I just emailed Verizon to tell them I'm leaving for another carrier when my contract expires in March due to the loss of unlimited data and terrible support for the Thunderbolt. I'm interested to see how they respond. Pretty much the only way they can keep me is by giving me a discounted Note 2 and letting me keep my unlimited. In other words I'll be heading to Sprint in March.


----------



## bukowski (Sep 2, 2011)

i'm actually happy that my upgrade isn't coming due until june of next year. i'll get by just fine with my bolt 'til then. i really only use it for calls, texts and e-mail at this point. i use my kindle to scratch the remainder of my android tweaking itch.

by Q2 of 2013, a bunch of the latest/greatest phones will have dropped and i'll grab one off swappa. or if none of the latest stuff looks good, i'll grab a nexus 4. hopefully t-mo will have expanded their network a bit in the greater philly area. and i can kiss big red's lying, thieving ass goodbye and go pre-paid!


----------



## Jrmiller (Dec 20, 2012)

frellingfrakker said:


> I just emailed Verizon to tell them I'm leaving for another carrier when my contract expires in March due to the loss of unlimited data and terrible support for the Thunderbolt. I'm interested to see how they respond. Pretty much the only way they can keep me is by giving me a discounted Note 2 and letting me keep my unlimited. In other words I'll be heading to Sprint in March.

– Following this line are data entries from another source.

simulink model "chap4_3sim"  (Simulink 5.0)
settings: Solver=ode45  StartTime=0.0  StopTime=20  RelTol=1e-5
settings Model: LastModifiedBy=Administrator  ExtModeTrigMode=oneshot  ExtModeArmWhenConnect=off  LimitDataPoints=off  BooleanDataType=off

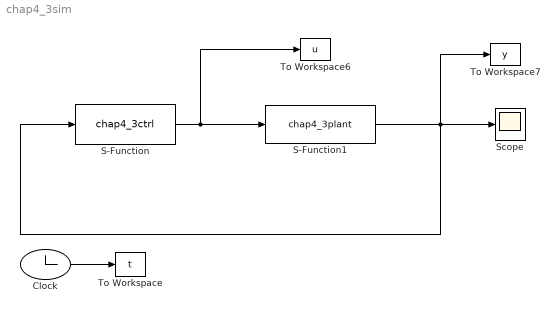
== system chap4_3sim ==
  Clock : Clock
  S-Function : S-Function  FunctionName=chap4_3ctrl
  S-Function1 : S-Function  FunctionName=chap4_3plant
  Scope : Scope
      settings: YMin=0.1  YMax=0.34
  To Workspace : ToWorkspace  VariableName=t  SampleTime=-1  SaveFormat=Array
  To Workspace6 : ToWorkspace  VariableName=u  SampleTime=-1  SaveFormat=Array
  To Workspace7 : ToWorkspace  VariableName=y  SampleTime=-1  SaveFormat=Array
  wires:
  S-Function/1 -> S-Function1/1, To Workspace6/1
  Clock/1 -> To Workspace/1
  S-Function1/1 -> S-Function/1, To Workspace7/1, Scope/1
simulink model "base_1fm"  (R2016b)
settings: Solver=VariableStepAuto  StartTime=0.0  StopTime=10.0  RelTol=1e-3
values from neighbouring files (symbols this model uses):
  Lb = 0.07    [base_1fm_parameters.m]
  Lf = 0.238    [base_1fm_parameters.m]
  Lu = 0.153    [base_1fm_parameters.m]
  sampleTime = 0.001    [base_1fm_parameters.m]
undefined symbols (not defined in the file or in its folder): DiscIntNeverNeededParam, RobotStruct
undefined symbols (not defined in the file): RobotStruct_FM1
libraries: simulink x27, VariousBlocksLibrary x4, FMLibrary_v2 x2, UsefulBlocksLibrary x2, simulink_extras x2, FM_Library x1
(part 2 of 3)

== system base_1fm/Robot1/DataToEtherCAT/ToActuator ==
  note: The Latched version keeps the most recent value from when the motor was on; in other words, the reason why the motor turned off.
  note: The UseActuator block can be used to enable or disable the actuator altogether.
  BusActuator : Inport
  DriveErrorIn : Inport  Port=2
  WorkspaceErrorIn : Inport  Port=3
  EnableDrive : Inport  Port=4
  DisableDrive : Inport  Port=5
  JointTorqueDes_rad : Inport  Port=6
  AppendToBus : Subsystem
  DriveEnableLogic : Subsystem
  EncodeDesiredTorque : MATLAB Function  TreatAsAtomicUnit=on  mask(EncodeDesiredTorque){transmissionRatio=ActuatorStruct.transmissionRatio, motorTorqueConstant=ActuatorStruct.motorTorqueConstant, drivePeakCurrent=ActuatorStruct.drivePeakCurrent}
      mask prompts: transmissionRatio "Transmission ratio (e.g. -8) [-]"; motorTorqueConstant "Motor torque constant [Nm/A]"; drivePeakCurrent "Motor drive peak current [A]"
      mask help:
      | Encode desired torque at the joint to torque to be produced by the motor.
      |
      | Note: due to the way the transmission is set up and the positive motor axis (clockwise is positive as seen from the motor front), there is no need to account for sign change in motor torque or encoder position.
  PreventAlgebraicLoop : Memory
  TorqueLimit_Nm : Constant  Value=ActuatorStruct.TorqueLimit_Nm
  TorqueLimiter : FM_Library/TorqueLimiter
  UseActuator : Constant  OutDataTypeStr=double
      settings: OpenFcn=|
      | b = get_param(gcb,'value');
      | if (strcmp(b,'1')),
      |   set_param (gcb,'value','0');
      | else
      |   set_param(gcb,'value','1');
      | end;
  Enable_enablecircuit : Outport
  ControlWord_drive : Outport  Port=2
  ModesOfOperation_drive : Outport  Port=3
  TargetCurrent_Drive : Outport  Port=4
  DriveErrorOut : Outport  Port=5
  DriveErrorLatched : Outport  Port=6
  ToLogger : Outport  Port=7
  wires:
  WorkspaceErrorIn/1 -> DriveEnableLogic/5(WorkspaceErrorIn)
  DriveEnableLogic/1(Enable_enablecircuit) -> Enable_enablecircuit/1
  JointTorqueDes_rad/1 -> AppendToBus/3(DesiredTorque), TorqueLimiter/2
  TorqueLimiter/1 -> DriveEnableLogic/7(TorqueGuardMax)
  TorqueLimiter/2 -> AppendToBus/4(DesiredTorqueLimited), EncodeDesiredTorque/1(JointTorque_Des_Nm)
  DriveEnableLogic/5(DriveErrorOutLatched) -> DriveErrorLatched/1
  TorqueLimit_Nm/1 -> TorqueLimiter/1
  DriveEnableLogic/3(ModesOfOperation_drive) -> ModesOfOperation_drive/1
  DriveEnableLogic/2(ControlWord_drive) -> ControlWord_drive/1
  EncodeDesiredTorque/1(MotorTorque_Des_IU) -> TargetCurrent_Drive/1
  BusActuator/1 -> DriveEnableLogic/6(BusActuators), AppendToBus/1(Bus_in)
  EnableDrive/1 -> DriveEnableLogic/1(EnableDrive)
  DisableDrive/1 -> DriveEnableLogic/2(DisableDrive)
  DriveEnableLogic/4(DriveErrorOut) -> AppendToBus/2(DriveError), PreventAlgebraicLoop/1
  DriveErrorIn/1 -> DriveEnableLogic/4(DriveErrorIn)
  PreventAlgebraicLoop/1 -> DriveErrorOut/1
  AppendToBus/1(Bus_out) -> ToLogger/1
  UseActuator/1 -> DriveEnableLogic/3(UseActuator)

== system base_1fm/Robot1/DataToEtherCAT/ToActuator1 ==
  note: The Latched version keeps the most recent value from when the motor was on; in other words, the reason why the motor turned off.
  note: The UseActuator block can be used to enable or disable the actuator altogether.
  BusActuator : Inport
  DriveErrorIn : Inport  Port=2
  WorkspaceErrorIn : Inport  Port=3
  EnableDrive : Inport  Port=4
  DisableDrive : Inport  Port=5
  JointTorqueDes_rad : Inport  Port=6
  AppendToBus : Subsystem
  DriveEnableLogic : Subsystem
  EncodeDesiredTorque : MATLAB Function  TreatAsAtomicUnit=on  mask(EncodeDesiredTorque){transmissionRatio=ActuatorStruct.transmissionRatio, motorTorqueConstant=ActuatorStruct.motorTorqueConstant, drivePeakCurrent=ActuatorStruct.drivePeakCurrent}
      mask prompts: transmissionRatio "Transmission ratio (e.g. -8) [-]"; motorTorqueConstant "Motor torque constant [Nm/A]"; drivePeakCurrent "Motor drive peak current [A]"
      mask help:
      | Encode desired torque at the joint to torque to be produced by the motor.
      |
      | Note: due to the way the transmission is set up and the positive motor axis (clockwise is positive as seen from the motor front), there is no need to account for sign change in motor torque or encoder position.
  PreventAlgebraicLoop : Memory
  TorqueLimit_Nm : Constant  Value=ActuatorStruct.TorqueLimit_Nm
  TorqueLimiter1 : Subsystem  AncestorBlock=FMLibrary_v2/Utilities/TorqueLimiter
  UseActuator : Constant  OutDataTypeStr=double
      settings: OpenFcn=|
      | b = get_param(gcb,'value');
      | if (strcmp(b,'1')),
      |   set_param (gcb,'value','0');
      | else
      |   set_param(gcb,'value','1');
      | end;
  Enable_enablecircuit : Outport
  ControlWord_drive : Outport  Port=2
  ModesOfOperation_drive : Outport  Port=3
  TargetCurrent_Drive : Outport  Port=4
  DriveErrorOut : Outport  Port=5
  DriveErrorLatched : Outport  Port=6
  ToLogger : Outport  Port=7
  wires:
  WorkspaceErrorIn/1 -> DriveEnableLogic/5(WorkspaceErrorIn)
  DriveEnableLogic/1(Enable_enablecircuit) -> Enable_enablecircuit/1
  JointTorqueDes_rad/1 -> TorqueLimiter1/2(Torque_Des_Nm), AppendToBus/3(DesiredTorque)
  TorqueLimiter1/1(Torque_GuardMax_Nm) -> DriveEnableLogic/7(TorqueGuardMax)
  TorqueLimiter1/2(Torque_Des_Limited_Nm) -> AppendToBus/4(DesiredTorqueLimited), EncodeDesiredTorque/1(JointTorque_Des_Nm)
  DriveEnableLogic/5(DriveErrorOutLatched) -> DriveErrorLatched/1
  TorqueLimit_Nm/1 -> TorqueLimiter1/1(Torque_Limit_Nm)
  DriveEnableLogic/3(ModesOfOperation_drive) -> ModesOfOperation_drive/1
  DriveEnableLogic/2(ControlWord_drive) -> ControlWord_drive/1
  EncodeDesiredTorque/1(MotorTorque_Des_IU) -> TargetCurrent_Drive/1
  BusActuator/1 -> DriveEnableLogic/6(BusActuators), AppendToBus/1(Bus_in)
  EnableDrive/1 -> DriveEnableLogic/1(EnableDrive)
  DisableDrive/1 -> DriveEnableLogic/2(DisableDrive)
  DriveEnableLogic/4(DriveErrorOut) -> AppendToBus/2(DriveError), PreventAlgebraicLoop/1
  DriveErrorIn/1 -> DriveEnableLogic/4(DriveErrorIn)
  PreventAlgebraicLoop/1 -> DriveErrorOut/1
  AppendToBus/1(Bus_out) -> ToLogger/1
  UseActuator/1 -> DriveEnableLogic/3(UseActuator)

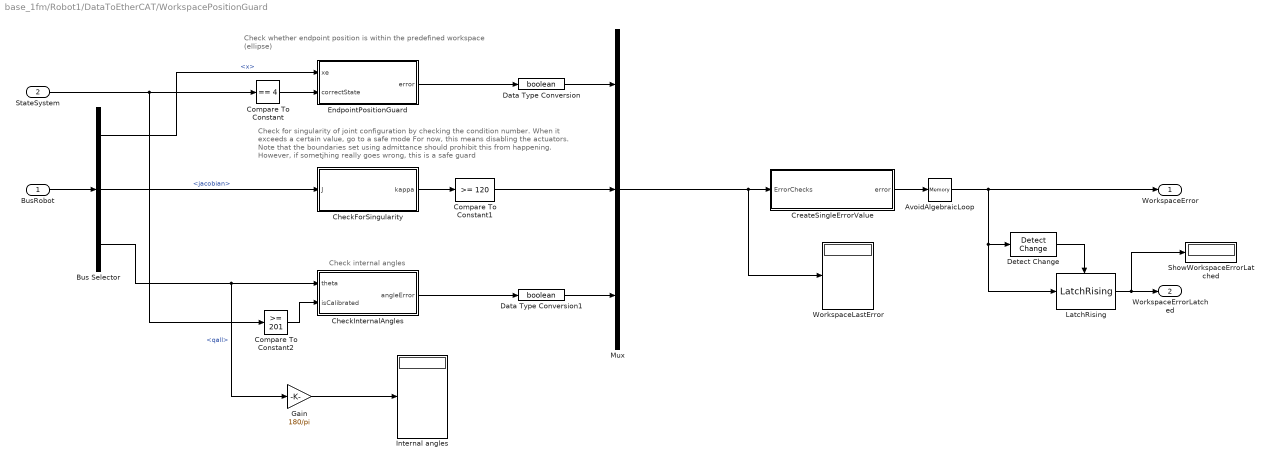
== system base_1fm/Robot1/DataToEtherCAT/WorkspacePositionGuard ==
  note: Check for singularity of joint configuration by checking
      | the condition number. When it exceeds a certain value, go to a safe mode
      | For now, this means disabling the actuators.
      | Note that the boundaries set using admittance should prohibit this from happening.
      | However, if sometjhing really goes wrong, this is a safe guard
  note: Check whether endpoint position is within the predefined workspace
      | (ellipse)
  note: Check internal angles
  BusRobot : Inport
  StateSystem : Inport  Port=2
  AvoidAlgebraicLoop : Memory
  Bus Selector : BusSelector  OutputSignals=xOpSpace.x,xOpSpace.jacobian,qJointSpace.qall
  CheckForSingularity : MATLAB Function  TreatAsAtomicUnit=on
  CheckInternalAngles : MATLAB Function  TreatAsAtomicUnit=on
  Compare To Constant : simulink/Logic and Bit Operations/Compare To Constant  relop===  const=4  OutDataTypeStr=boolean
  Compare To Constant1 : simulink/Logic and Bit Operations/Compare To Constant  relop=>=  const=120  OutDataTypeStr=boolean
  Compare To Constant2 : simulink/Logic and Bit Operations/Compare To Constant  relop=>=  const=201  OutDataTypeStr=boolean
  CreateSingleErrorValue : Subsystem
  Data Type Conversion : DataTypeConversion  OutDataTypeStr=boolean
  Data Type Conversion1 : DataTypeConversion  OutDataTypeStr=boolean
  Detect Change : simulink/Logic and Bit Operations/Detect Change  vinit=0  InputProcessing=Inherited  OutDataTypeStr=boolean
  EndpointPositionGuard : MATLAB Function  TreatAsAtomicUnit=on
  Gain : Gain  Gain=180/pi
  Internal angles : Display
  LatchRising : UsefulBlocksLibrary/LatchRising  ic=0
  Mux : Mux  Inputs=3
  ShowWorkspaceErrorLatched : Display
  WorkspaceLastError : Display
  WorkspaceError : Outport
  WorkspaceErrorLatched : Outport  Port=2
  wires:
  StateSystem/1 -> Compare To Constant/1, Compare To Constant2/1
  Bus Selector/2 -> CheckForSingularity/1(J)  "<jacobian>"
  Gain/1 -> Internal angles/1
  Compare To Constant2/1 -> CheckInternalAngles/2(isCalibrated)
  Compare To Constant/1 -> EndpointPositionGuard/2(correctState)
  AvoidAlgebraicLoop/1 -> WorkspaceError/1, LatchRising/1, Detect Change/1
  Detect Change/1 -> LatchRising/Trigger
  CreateSingleErrorValue/1(error) -> AvoidAlgebraicLoop/1
  Data Type Conversion1/1 -> Mux/3
  Data Type Conversion/1 -> Mux/1
  Compare To Constant1/1 -> Mux/2
  LatchRising/1 -> WorkspaceErrorLatched/1, ShowWorkspaceErrorLatched/1
  CheckInternalAngles/1(angleError) -> Data Type Conversion1/1
  Bus Selector/3 -> CheckInternalAngles/1(theta), Gain/1  "<qall>"
  Bus Selector/1 -> EndpointPositionGuard/1(xe)  "<x>"
  BusRobot/1 -> Bus Selector/1
  EndpointPositionGuard/1(error) -> Data Type Conversion/1
  Mux/1 -> CreateSingleErrorValue/1(ErrorChecks), WorkspaceLastError/1
  CheckForSingularity/1(kappa) -> Compare To Constant1/1

== system base_1fm/Robot1/Controller/PD + Nonlinear ID/AFFC ==
  q_ref : Inport
  qdot_ref : Inport  Port=2
  qddot_ref : Inport  Port=3
  e : Inport  Port=4
  Enable : EnablePort  StatesWhenEnabling=reset
  AFFC : MATLAB Function  TreatAsAtomicUnit=on
  Counter Free-Running : simulink/Sources/Counter Free-Running  NumBits=32  tsamp=-1
  Data Type Conversion : DataTypeConversion  OutDataTypeStr=double
  Learning factors : Constant  Value=[2e-5;1e-2;1e-3;1e-3]
  sample time : Gain  Gain=sampleTime
  p : Outport  OutputWhenDisabled=reset
  tau_affc : Outport  Port=2  OutputWhenDisabled=reset  InitialOutput=[0;0]
  wires:
  Learning factors/1 -> AFFC/6(w)
  Data Type Conversion/1 -> sample time/1
  sample time/1 -> AFFC/1(t)
  Counter Free-Running/1 -> Data Type Conversion/1
  AFFC/1(p) -> p/1
  AFFC/2(tau) -> tau_affc/1
  q_ref/1 -> AFFC/2(q)
  qdot_ref/1 -> AFFC/3(qdot)
  qddot_ref/1 -> AFFC/4(qddot)
  e/1 -> AFFC/5(e)

== system base_1fm/Robot1/DataFromEtherCAT/Calculate Arrange Joint and Op Space/forward kinematics ==
  JointPosition_rad : Inport  PortDimensions=[2 1]
  JointVelocity_rads : Inport  Port=2  PortDimensions=[2 1]
  JointAcceleration_rads2 : Inport  Port=3  PortDimensions=[2 1]
  Je : MATLAB Function  TreatAsAtomicUnit=on
  Jedot : MATLAB Function  TreatAsAtomicUnit=on
  Product : Product  Multiplication=Matrix(*)
  calculate xddot : MATLAB Function  TreatAsAtomicUnit=on
  forward kinematics : MATLAB Function  TreatAsAtomicUnit=on
  x : Outport
  xdot : Outport  Port=2
  xddot : Outport  Port=3
  J : Outport  Port=4
  Jdot : Outport  Port=5
  wires:
  JointAcceleration_rads2/1 -> calculate xddot/1(qddot)
  calculate xddot/1(xddot) -> xddot/1
  forward kinematics/1(x) -> x/1
  Product/1 -> xdot/1
  Jedot/1(Jedot) -> Jdot/1, calculate xddot/4(Jdot)
  JointVelocity_rads/1 -> Jedot/2(qdot), Product/2, calculate xddot/2(qdot)
  Je/1(Je) -> J/1, Product/1, calculate xddot/3(J)
  JointPosition_rad/1 -> Je/1(q), Jedot/1(q), forward kinematics/1(q)

== system base_1fm/Robot1/DataFromEtherCAT/FromActuator1/CalculateJointVelocity ==
  JointPosition_rad : Inport
  FOAW : MATLAB Function  TreatAsAtomicUnit=on
  encoder noise : Constant  Value=ActuatorStruct.FOAWNoiseLevel
  JointVelocity_rads : Outport
  wires:
  encoder noise/1 -> FOAW/2(noise)
  FOAW/1(xdot) -> JointVelocity_rads/1
  JointPosition_rad/1 -> FOAW/1(x)

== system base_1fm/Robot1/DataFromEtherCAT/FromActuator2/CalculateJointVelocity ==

i think im gonna be in the same boat.


----------



## Hellboy (May 8, 2012)

frellingfrakker said:


> I just emailed Verizon to tell them I'm leaving for another carrier when my contract expires in March due to the loss of unlimited data and terrible support for the Thunderbolt. I'm interested to see how they respond. Pretty much the only way they can keep me is by giving me a discounted Note 2 and letting me keep my unlimited. In other words I'll be heading to Sprint in March.


. Well enjoy sprint throttling you and some people has said that they will cancel you if you use to much data while roaming. I wish you the best of luck with sprint but from what I have seen over 90% of the people I know that has sprint or switch to sprint wish they never did.

Sent from my Nexus 7 using Tapatalk 2


----------